2. Pleiotropy – This theory proposes that Pleiotropic Genes (those that bring benefit in early life) would be favoured by selection even if they had deleterious effects in later life

3. Life-History Trade-off – Based on the optimal allocation of resources ie trade-off

between resources required for reproduction and those required for somatic (body) maintenance into old age. Investment in reproduction over longevity

“Hayflick Limit” ▪ The phenomenon of cellular aging was first noted by Lenhard Hayflick in 1961. ▪ Hayflick discovered that cells cannot divide beyond a specific number of times. This is called the Hayflick Limit.

▪ Cells reaching this limit become old.

Hayflick Limit and Telomeres ▪ In 1990, Calvin Harley (Canada) and Carol Greider (USA) discovered that shortening of telomeres (tips of chromosomes) is associated with the aging process and the direct cause of cells reaching the Hayflick Limit.

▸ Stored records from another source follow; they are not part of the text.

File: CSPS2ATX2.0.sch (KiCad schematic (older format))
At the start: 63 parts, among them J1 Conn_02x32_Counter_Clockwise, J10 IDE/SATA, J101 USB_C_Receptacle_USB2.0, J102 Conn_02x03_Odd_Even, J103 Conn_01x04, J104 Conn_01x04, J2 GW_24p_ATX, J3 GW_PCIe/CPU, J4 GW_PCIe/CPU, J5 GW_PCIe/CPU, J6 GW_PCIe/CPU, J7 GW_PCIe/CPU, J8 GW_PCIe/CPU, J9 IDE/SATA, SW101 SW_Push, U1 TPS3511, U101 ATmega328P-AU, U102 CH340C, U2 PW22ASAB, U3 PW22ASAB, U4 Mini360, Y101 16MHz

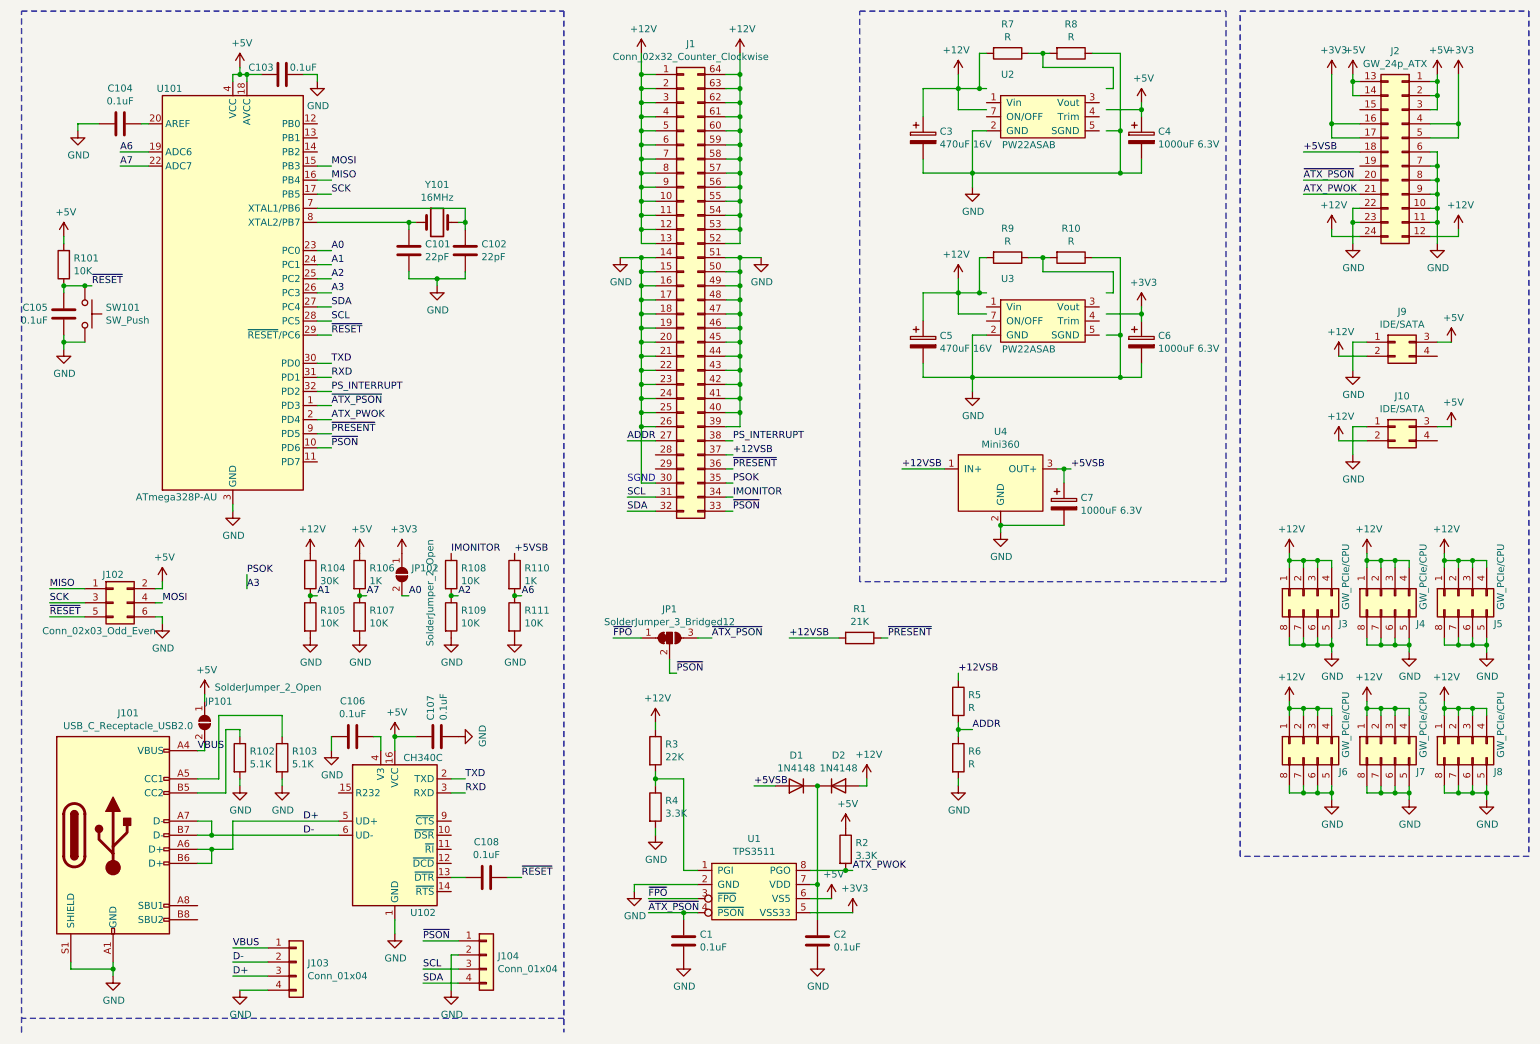
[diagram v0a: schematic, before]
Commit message: confirm trim resistor
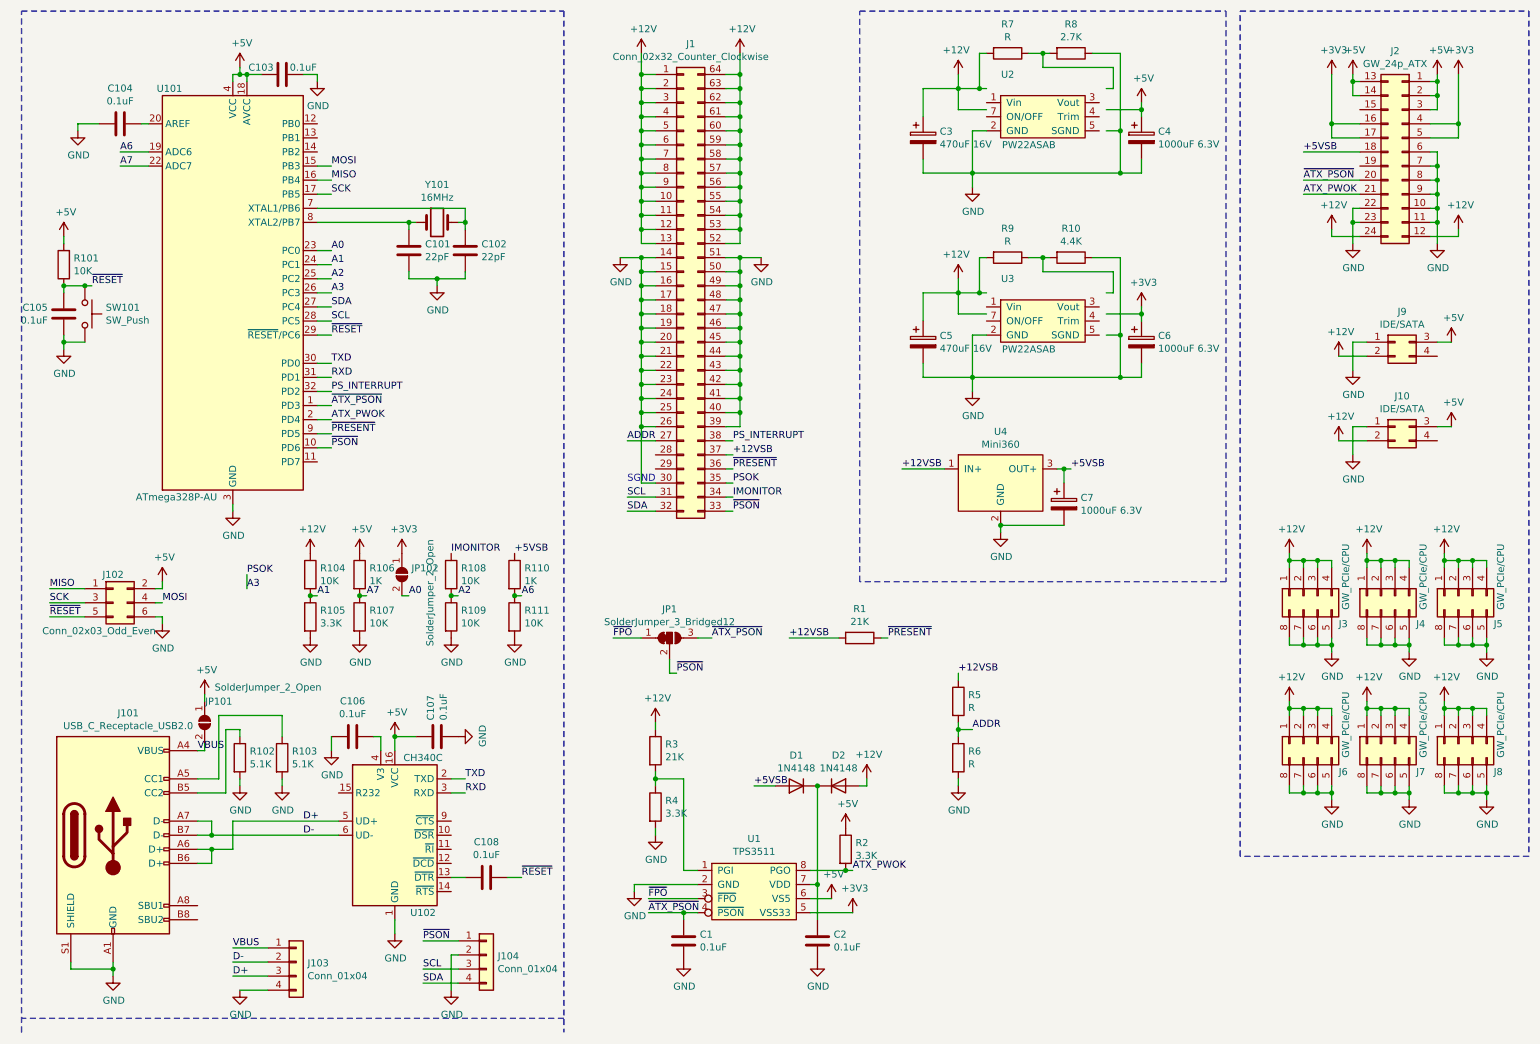
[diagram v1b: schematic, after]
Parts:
- R10: value R -> 4.4K
- R104: value 30K -> 10K
- R105: value 10K -> 3.3K
- R3: value 22K -> 21K
- R8: value R -> 2.7K
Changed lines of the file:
@@
 P 5000 5750
 F 0 "R3" H 5070 5796 50  0000 L CNN
-F 1 "22K" H 5070 5705 50  0000 L CNN
+F 1 "21K" H 5070 5705 50  0000 L CNN
 F 2 "Resistor_SMD:R_0805_2012Metric" V 4930 5750 50  0001 C CNN
 F 3 "~" H 5000 5750 50  0001 C CNN
@@
 P 2550 4800
 F 0 "R105" H 2620 4846 50  0000 L CNN
-F 1 "10K" H 2620 4755 50  0000 L CNN
+F 1 "3.3K" H 2620 4755 50  0000 L CNN
 F 2 "Resistor_SMD:R_0805_2012Metric" V 2480 4800 50  0001 C CNN
 F 3 "~" H 2550 4800 50  0001 C CNN
@@
 P 2550 4500
 F 0 "R104" H 2620 4546 50  0000 L CNN
-F 1 "30K" H 2620 4455 50  0000 L CNN
+F 1 "10K" H 2620 4455 50  0000 L CNN
 F 2 "Resistor_SMD:R_0805_2012Metric" V 2480 4500 50  0001 C CNN
 F 3 "~" H 2550 4500 50  0001 C CNN
@@
 P 7950 800
 F 0 "R8" V 7743 800 50  0000 C CNN
-F 1 "R" V 7834 800 50  0000 C CNN
+F 1 "2.7K" V 7834 800 50  0000 C CNN
 F 2 "Resistor_SMD:R_0805_2012Metric" V 7880 800 50  0001 C CNN
 F 3 "~" H 7950 800 50  0001 C CNN
@@
 P 7950 2250
 F 0 "R10" V 7743 2250 50  0000 C CNN
-F 1 "R" V 7834 2250 50  0000 C CNN
+F 1 "4.4K" V 7834 2250 50  0000 C CNN
 F 2 "Resistor_SMD:R_0805_2012Metric" V 7880 2250 50  0001 C CNN
 F 3 "~" H 7950 2250 50  0001 C CNN

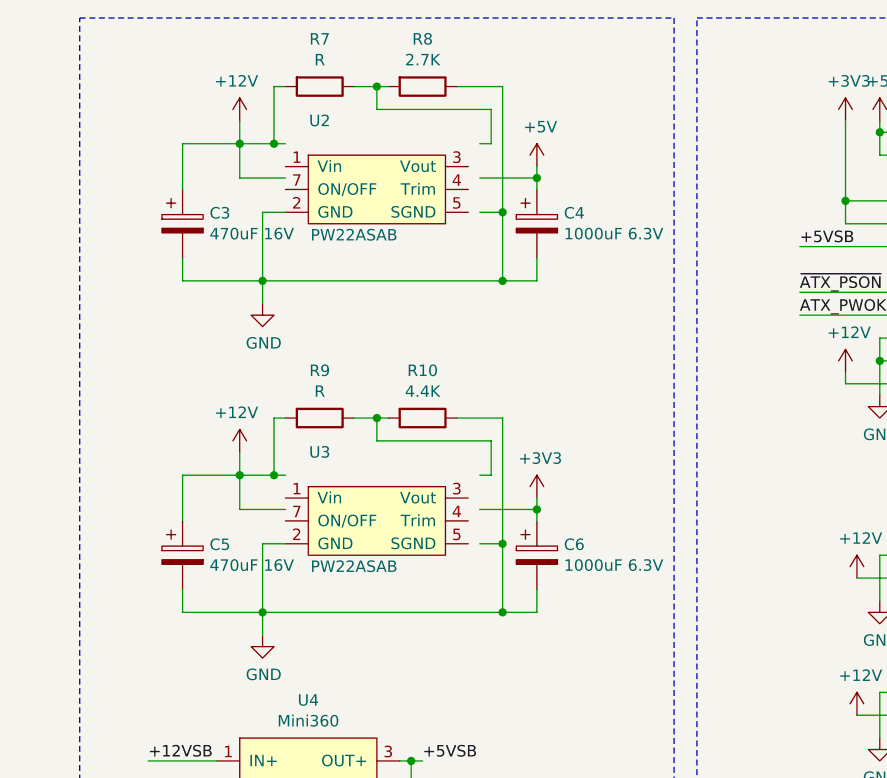
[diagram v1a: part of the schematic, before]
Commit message: remove R7 R9
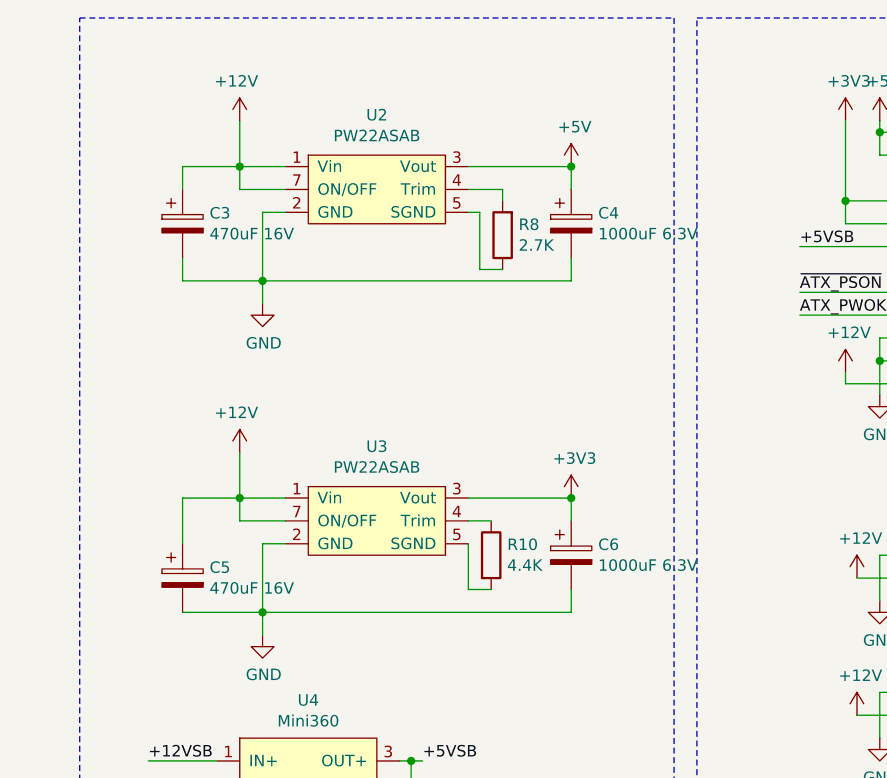
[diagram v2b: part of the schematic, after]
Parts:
- removed R7, R9: R, Resistor_SMD:R_0805_2012Metric, symbol Device:R
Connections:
- net +12V: now also U2.1 (Vin), U2.7 (ON/OFF), U3.1 (Vin), U3.7 (ON/OFF)
- net +3V3: now also U3.3 (Vout)
- net +5V: now also U2.3 (Vout)
- net GND: no longer R10.1, R8.1
- net at U2.4 (Trim): now also R8.2
- net at U2.5 (SGND): now also R8.1
- net at R10.2: now also U3.5 (SGND)
- net at U3.4 (Trim): now also R10.1
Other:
- moved on the sheet: C4, C5, C6, R10, R8
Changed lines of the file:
@@
 $EndComp
 Wire Wire Line
-	7150 950  7150 1050
-Connection ~ 7150 1050
+	7150 950  7150 1150
+Connection ~ 7150 1150
 $Comp
 L Device:CP C3
@@
 L Device:CP C4
 U 1 1 607CC1CF
-P 8450 1400
-F 0 "C4" H 8568 1446 50  0000 L CNN
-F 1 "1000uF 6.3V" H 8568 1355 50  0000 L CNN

▪ People over 60 with long telomeres experience greater heart and immune system health than those of same age with shorter telomeres. ▪ See diagram on next slide…..

Role of Telomeres in Cell Reproduction and Ageing ▪ Telomeres are the caps at the end of each strand of DNA that protect our chromosomes (similar to the plastic tips at the end of shoelaces). ▪ Telomeres are an essential part of human cells; they are involved in cell reproduction and are implicated in cell ageing.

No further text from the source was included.